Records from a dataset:
##########

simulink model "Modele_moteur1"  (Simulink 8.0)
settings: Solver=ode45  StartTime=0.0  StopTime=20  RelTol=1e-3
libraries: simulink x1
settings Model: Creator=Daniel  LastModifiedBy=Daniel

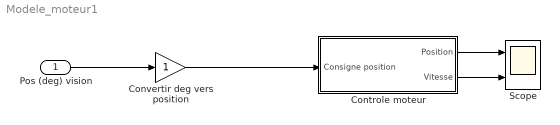
== system Modele_moteur1 ==
  Pos (deg) vision : Inport
  Controle moteur : Subsystem
  Convertir deg vers position : Gain
  Scope : Scope  NumInputPorts=2
      settings: YMin=-5~-5  YMax=5~5
  wires:
  Pos (deg) vision/1 -> Convertir deg vers position/1
  Convertir deg vers position/1 -> Controle moteur/1(Consigne position)
  Controle moteur/1(Position) -> Scope/1
  Controle moteur/2(Vitesse) -> Scope/2

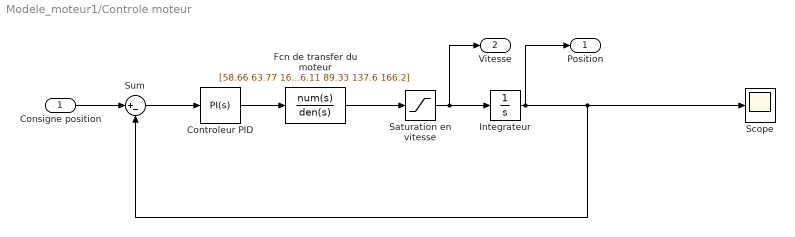
== system Modele_moteur1/Controle moteur ==
  Consigne position : Inport
  "Controleur PID " : simulink/Continuous/PID Controller  Controller=PI  TimeDomain=Continuous-time  SampleTime=1  IntegratorMethod=Forward Euler  FilterMethod=Forward Euler  Form=Parallel  P=2.08160664211981  I=0.0612360436933198  D=1.97832686428467  N=547.14386129574  InitialConditionSource=internal  InitialConditionForIntegrator=0  InitialConditionForFilter=0  ExternalReset=none  LimitOutput=off  UpperSaturationLimit=inf  LowerSaturationLimit=-inf  LinearizeAsGain=on  AntiWindupMode=none  Kb=1  TrackingMode=off  Kt=1  PParamMin=[]  PParamMax=[]  IParamMin=[]  IParamMax=[]  DParamMin=[]  DParamMax=[]  NParamMin=[]  NParamMax=[]  KbParamMin=[]  KbParamMax=[]  KtParamMin=[]  KtParamMax=[]  POutMin=[]  POutMax=[]  IOutMin=[]  IOutMax=[]  DOutMin=[]  DOutMax=[]  NOutMin=[]  NOutMax=[]  KbOutMin=[]  KbOutMax=[]  KtOutMin=[]  KtOutMax=[]  IntegratorOutMin=[]  IntegratorOutMax=[]  FilterOutMin=[]  FilterOutMax=[]  SumOutMin=[]  SumOutMax=[]  SumI1OutMin=[]  SumI1OutMax=[]  SumI2OutMin=[]  SumI2OutMax=[]  SumI3OutMin=[]  SumI3OutMax=[]  SumDOutMin=[]  SumDOutMax=[]  SaturationOutMin=[]  SaturationOutMax=[]  IntegratorContinuousStateAttributes=''  IntegratorStateMustResolveToSignalObject=off  IntegratorRTWStateStorageClass=Auto  FilterContinuousStateAttributes=''  FilterStateMustResolveToSignalObject=off  FilterRTWStateStorageClass=Auto
  Fcn de transfer du moteur : TransferFcn  Numerator=[58.66 63.77 165.9 ]  Denominator="[1  26.11 89.33 137.6 166.2]"
  Integrateur : Integrator
  Saturation en vitesse : Saturate  UpperLimit=4690/6400  LowerLimit=-4690/6400
  Scope : Scope
      settings: TimeRange=10  SaveName=ScopeData3
  Sum : Sum  Inputs=|+-
  Position : Outport
  Vitesse : Outport  Port=2
  wires:
  Consigne position/1 -> Sum/1
  Saturation en vitesse/1 -> Vitesse/1, Integrateur/1
  Sum/1 -> "Controleur PID "/1
  "Controleur PID "/1 -> Fcn de transfer du moteur/1
  Integrateur/1 -> Scope/1, Sum/2, Position/1
  Fcn de transfer du moteur/1 -> Saturation en vitesse/1
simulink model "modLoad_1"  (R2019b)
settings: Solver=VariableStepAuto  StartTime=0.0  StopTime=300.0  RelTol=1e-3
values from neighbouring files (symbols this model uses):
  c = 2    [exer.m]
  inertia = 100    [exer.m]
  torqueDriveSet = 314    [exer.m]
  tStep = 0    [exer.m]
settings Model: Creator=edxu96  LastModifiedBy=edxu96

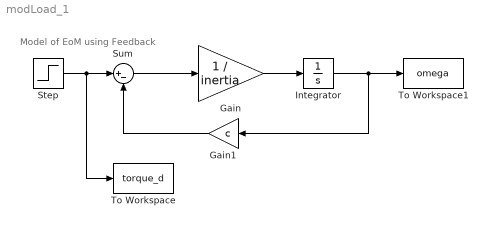
== system modLoad_1 ==
  note: Model of EoM using Feedback
  Gain : Gain  Gain=1 / inertia
  Gain1 : Gain  Gain=c
  Integrator : Integrator  InitialCondition=torqueDriveSet  ContinuousStateAttributes='omega'
  Step : Step  Time=tStep  After=200  SampleTime=0
  Sum : Sum  Inputs=|+-
  To Workspace : ToWorkspace  VariableName=torque_d  SaveFormat=Structure With Time  SampleTime=-1
  To Workspace1 : ToWorkspace  VariableName=omega  SaveFormat=Structure With Time  SampleTime=-1
  wires:
  Gain/1 -> Integrator/1
  Step/1 -> Sum/1, To Workspace/1
  Gain1/1 -> Sum/2
  Integrator/1 -> To Workspace1/1, Gain1/1
  Sum/1 -> Gain/1
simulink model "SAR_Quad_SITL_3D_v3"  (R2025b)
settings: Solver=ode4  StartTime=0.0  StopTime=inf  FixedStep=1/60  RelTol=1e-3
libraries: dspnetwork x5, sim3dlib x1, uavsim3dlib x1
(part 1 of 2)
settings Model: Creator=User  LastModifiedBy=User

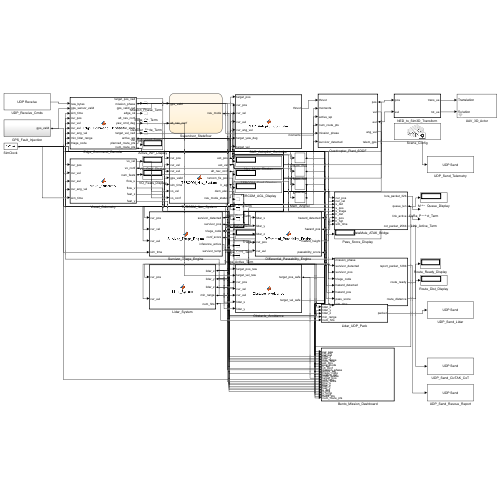
[thumbnail: Simulink's stored preview of the top-level diagram]
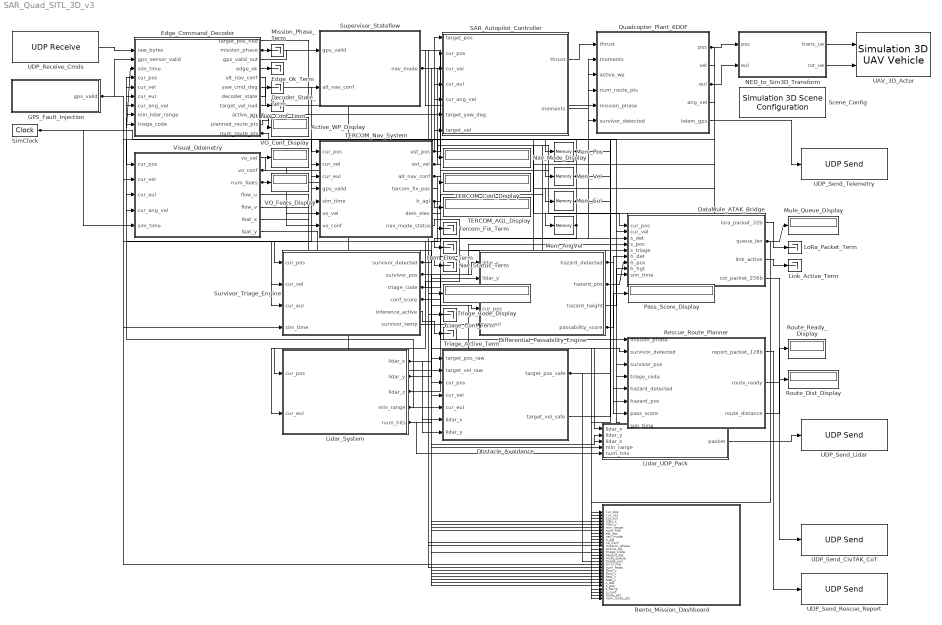
== system SAR_Quad_SITL_3D_v3 ==
  Active_WP_Display : Display
  Alt_Nav_Conf_Term : Terminator
  Bento_Mission_Dashboard : MATLAB Function  TreatAsAtomicUnit=on
  DataMule_ATAK_Bridge : MATLAB Function  TreatAsAtomicUnit=on
  Decoder_State_Term : Terminator
  Dem_Elev_Term : Terminator
  Differential_Passability_Engine : MATLAB Function  TreatAsAtomicUnit=on
  Edge_Command_Decoder : MATLAB Function  TreatAsAtomicUnit=on
  Edge_Ok_Term : Terminator
  GPS_Fault_Injection : Subsystem
  Lidar_System : MATLAB Function  TreatAsAtomicUnit=on
  Lidar_UDP_Pack : MATLAB Function  TreatAsAtomicUnit=on
  Link_Active_Term : Terminator
  LoRa_Packet_Term : Terminator
  Mem_AngVel : Memory  InitialCondition=[0; 0; 0]
  Mem_Eul : Memory  InitialCondition=[0; 0; 0]
  Mem_Pos : Memory  InitialCondition=[0; 0; 0]
  Mem_Vel : Memory  InitialCondition=[0; 0; 0]
  Mission_Phase_Term : Terminator
  Mule_Queue_Display : Display
  NED_to_Sim3D_Transform : MATLAB Function  TreatAsAtomicUnit=on
  Nav_Mode_Display : Display
  Nav_Status_Term : Terminator
  Obstacle_Avoidance : MATLAB Function  TreatAsAtomicUnit=on
  Pass_Score_Display : Display
  Quadcopter_Plant_6DOF : MATLAB Function  TreatAsAtomicUnit=on
  Rescue_Route_Planner : MATLAB Function  TreatAsAtomicUnit=on
  Route_Dist_Display : Display
  Route_Ready_Display : Display
  SAR_Autopilot_Controller : MATLAB Function  TreatAsAtomicUnit=on
  Scene_Config : sim3dlib/Simulation 3D Scene Configuration  Priority=0  ProjectFormat=Default Scenes  SceneDesc=US city block  ProjectName=D:\MLAB\toolbox\shared\sim3d_projects\automotive_project_windows\UE\WindowsNoEditor\VehicleSimulation.exe  ScenePath=/Game/Maps/USCityBlock  EnableOpenDRIVE=off  vehTagList={'Custom';'Scene Origin'}  vehTag=Scene Origin  AttachedCameraRelativeTranslation=[0 0 0]  FreeCameraDefaultInitialTranslation=[-6, 0, 2]  AttachedCameraRelativeRotation=[0 0 0]  FreeCameraDefaultInitialRotation=[0, -15, 0]  ViewpointName=Custom  FreeCameraInitialTranslation=[0, 0, 0]  ViewpointTranslation=[0, 0, 0]  FreeCameraInitialRotation=[0, 0, 0]  ViewpointRotation=[0, 0, 0]  OpVisEn=off  Ts=1/60  EnableWindow=on  EnableRemoteAccess=off  EnableWeather=off  SunAzimuth=90  SunAltitude=40.0  EnableGeospatialSun=off  Latitude=0  Longitude=0  Date=2023-01-01  Time=10:30:00  GeoTimeZone=-5.0  SunDaylightSaving=off  wind=1  clouds=10  EnableVolumetricClouds=off  CloudCoverage=0  CloudAltitude=6  fog=0  rain=0  RaindropsEffect=off  SnowDensity=0  EnableGeospatial=off  TilesetSource=Earth terrain  UseTrueOrigin=off  OriginHeight=200  OriginLatitude=40.744652  OriginLongitude=-73.988864  MapStyle=Aerial  AdditionalAssetIDs=[]  UseAdvancedSunSky=off  SolarTime=11  TimeZone=-5  Day=21  Month=9  Year=2022  UseDaylightSavingTime=on  DSTStartDay=10  DSTStartMonth=3  DSTEndDay=3  DSTEndMonth=11  DSTSwitchHour=2  sensorTag=MainCamera1  sensorId=1  sensorName=MainCamera1  mountLoc=Origin  offsetFlag=off  tmountOffset=[0, 0, 0]  rmountOffset=[0, 0, 0]  HorizontalResolution=1280  VerticalResolution=720  HorizontalFOV=60  mountPoint=[0 0 0]  mountOrientation=[0 0 0]  aMode=4  ID=1  GeoTrigger=Inactive  ViewNameList={'Custom'}  ViewTranslationList={'[0 0 0]'}  ViewRotationList={'[0 0 0]'}
      settings: LibrarySourceBlock=uavsim3dlib/Simulation 3D Scene Configuration
  SimClock : DigitalClock  SampleTime=1/60
  Supervisor_Stateflow : Stateflow chart  TreatAsAtomicUnit=on
  Survivor_Triage_Engine : MATLAB Function  TreatAsAtomicUnit=on
  TERCOM_AGL_Display : Display
  TERCOM_Conf_Display : Display
  TERCOM_Nav_System : MATLAB Function  TreatAsAtomicUnit=on
  Tercom_Fix_Term : Terminator
  Triage_Active_Term : Terminator
  Triage_Code_Display : Display
  Triage_Conf_Term : Terminator
  UAV_3D_Actor : uavsim3dlib/Simulation 3D UAV Vehicle  Priority=-1  Mesh=Quadrotor  MeshPath=/MathWorksUAVContent/UAVs/HexaRotorUAV/HexaRotor.HexaRotor  Color=Black  ActorName=SimulinkVehicle1  UseGlobalFrame=off  InitialTranslation=[0 0 0]  InitialRotation=[0 0 0]  InitialTranslationGlobal=[0 0 0]  InitialGeoOrigin=[0 0 0]  InitialRotationGlobal=[0 0 0]  SampleTime=-1  ActorType=SimulinkVehicle  ID=1  aMode=4  ActorTag=SimulinkVehicle1
  UDP_Receive_Cmds : dspnetwork/UDP Receive  localURL='0.0.0.0'  localPort=5001  remoteURL='0.0.0.0'  remotePort=-1  recvBufferSize=8192  dims=255  signalDatatype=uint8  isComplex=off  isVarSize=on  showBlockingTime=off  blockingTime=0  sampletime=1/60  blockPlatform=[]
  UDP_Send_CivTAK_CoT : dspnetwork/UDP Send  remoteURL='127.0.0.1'  remotePort=4242  localURL='0.0.0.0'  localPortSource=Automatically determine  localPort=2048  sendBufferSize=8192  sampletime=-1  blockPlatform=[]  separateLengthPort=0
  UDP_Send_Lidar : dspnetwork/UDP Send  remoteURL='127.0.0.1'  remotePort=5003  localURL='0.0.0.0'  localPortSource=Automatically determine  localPort=2048  sendBufferSize=8192  sampletime=-1  blockPlatform=[]  separateLengthPort=0
  UDP_Send_Rescue_Report : dspnetwork/UDP Send  remoteURL='127.0.0.1'  remotePort=4243  localURL='0.0.0.0'  localPortSource=Automatically determine  localPort=2048  sendBufferSize=8192  sampletime=-1  blockPlatform=[]  separateLengthPort=0
  UDP_Send_Telemetry : dspnetwork/UDP Send  remoteURL='127.0.0.1'  remotePort=5002  localURL='0.0.0.0'  localPortSource=Automatically determine  localPort=2048  sendBufferSize=8192  sampletime=-1  blockPlatform=[]  separateLengthPort=0
  VO_Conf_Display : Display
  VO_Feats_Display : Display
  Visual_Odometry : MATLAB Function  TreatAsAtomicUnit=on
  wires:
  UDP_Receive_Cmds/1 -> Edge_Command_Decoder/1(raw_bytes)
  GPS_Fault_Injection/1(gps_valid) -> Edge_Command_Decoder/2(gps_sensor_valid), TERCOM_Nav_System/4(gps_valid)
  SimClock/1 -> Edge_Command_Decoder/3(sim_time), Visual_Odometry/5(sim_time), TERCOM_Nav_System/5(sim_time), Survivor_Triage_Engine/4(sim_time), DataMule_ATAK_Bridge/9(sim_time), Rescue_Route_Planner/8(sim_time), Bento_Mission_Dashboard/18(sim_time)
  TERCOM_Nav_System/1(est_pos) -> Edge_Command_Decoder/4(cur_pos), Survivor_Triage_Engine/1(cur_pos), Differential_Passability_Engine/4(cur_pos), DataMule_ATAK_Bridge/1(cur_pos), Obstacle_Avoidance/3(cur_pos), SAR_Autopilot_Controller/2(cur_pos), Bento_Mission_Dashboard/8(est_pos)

##########

Return word for word the lines above from the line with "Rescue_Route_Planner : MATLAB" to the line with "SAR_Autopilot_Controller : MATLAB", including both and leaving out all others.

> _Task answer_:
  Rescue_Route_Planner : MATLAB Function  TreatAsAtomicUnit=on
  Route_Dist_Display : Display
  Route_Ready_Display : Display
  SAR_Autopilot_Controller : MATLAB Function  TreatAsAtomicUnit=on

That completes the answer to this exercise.